**Exercise directions**
All of the records below are to be output exactly; no image belongs in the result.

---------------

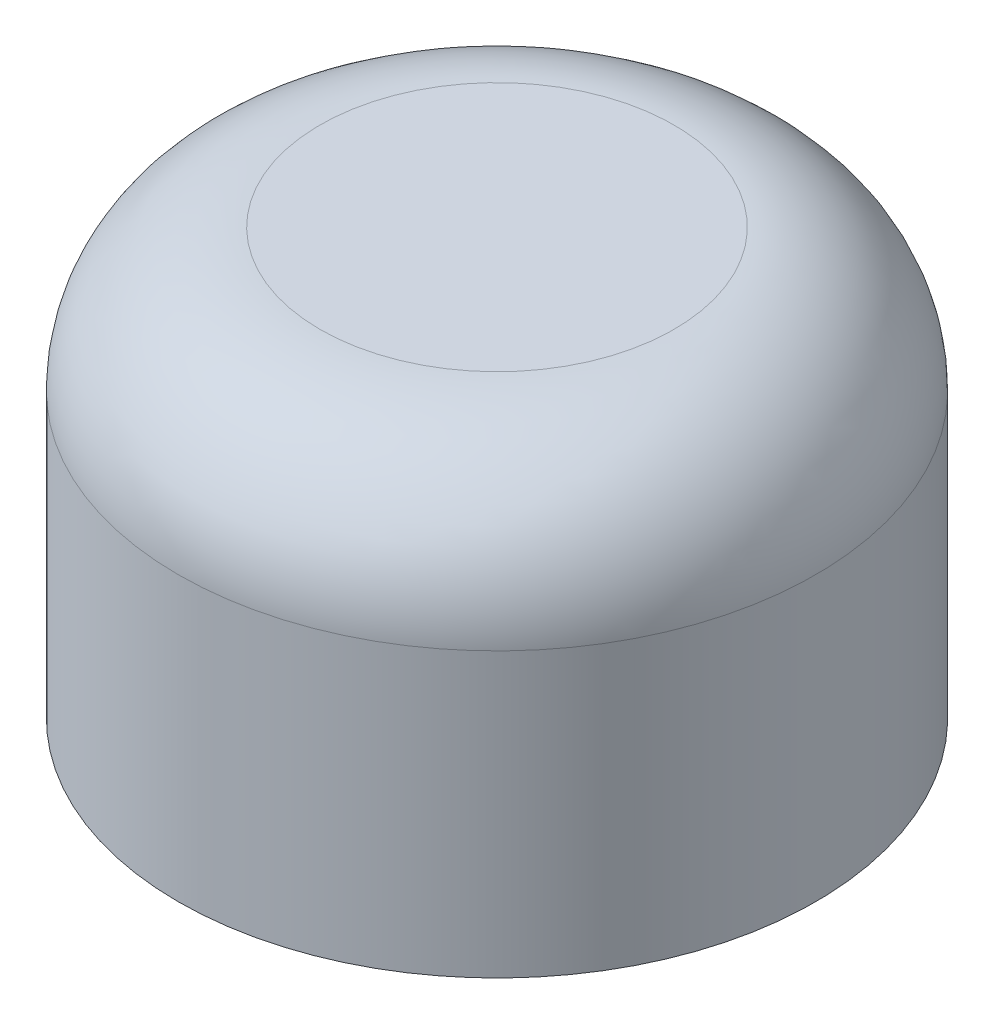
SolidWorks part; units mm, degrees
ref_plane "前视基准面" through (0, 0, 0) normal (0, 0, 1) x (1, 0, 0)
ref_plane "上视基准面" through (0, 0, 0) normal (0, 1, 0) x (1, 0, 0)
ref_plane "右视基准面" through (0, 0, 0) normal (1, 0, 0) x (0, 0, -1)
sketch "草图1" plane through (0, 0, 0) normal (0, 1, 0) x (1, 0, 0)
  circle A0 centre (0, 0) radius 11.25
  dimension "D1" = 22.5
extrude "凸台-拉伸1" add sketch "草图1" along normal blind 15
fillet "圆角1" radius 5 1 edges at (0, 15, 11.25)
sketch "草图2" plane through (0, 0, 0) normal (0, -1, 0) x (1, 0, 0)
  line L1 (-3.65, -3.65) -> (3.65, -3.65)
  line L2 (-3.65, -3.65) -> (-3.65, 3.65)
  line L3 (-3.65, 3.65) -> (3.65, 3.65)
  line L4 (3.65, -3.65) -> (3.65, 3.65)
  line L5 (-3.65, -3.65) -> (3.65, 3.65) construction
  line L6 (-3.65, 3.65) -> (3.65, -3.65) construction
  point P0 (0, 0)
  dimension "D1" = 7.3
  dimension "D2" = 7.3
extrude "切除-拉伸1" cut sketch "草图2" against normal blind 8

---------------

**Written reply**
SolidWorks part; units mm, degrees
ref_plane "前视基准面" through (0, 0, 0) normal (0, 0, 1) x (1, 0, 0)
ref_plane "上视基准面" through (0, 0, 0) normal (0, 1, 0) x (1, 0, 0)
ref_plane "右视基准面" through (0, 0, 0) normal (1, 0, 0) x (0, 0, -1)
sketch "草图1" plane through (0, 0, 0) normal (0, 1, 0) x (1, 0, 0)
  circle A0 centre (0, 0) radius 11.25
  dimension "D1" = 22.5
extrude "凸台-拉伸1" add sketch "草图1" along normal blind 15
fillet "圆角1" radius 5 1 edges at (0, 15, 11.25)
sketch "草图2" plane through (0, 0, 0) normal (0, -1, 0) x (1, 0, 0)
  line L1 (-3.65, -3.65) -> (3.65, -3.65)
  line L2 (-3.65, -3.65) -> (-3.65, 3.65)
  line L3 (-3.65, 3.65) -> (3.65, 3.65)
  line L4 (3.65, -3.65) -> (3.65, 3.65)
  line L5 (-3.65, -3.65) -> (3.65, 3.65) construction
  line L6 (-3.65, 3.65) -> (3.65, -3.65) construction
  point P0 (0, 0)
  dimension "D1" = 7.3
  dimension "D2" = 7.3
extrude "切除-拉伸1" cut sketch "草图2" against normal blind 8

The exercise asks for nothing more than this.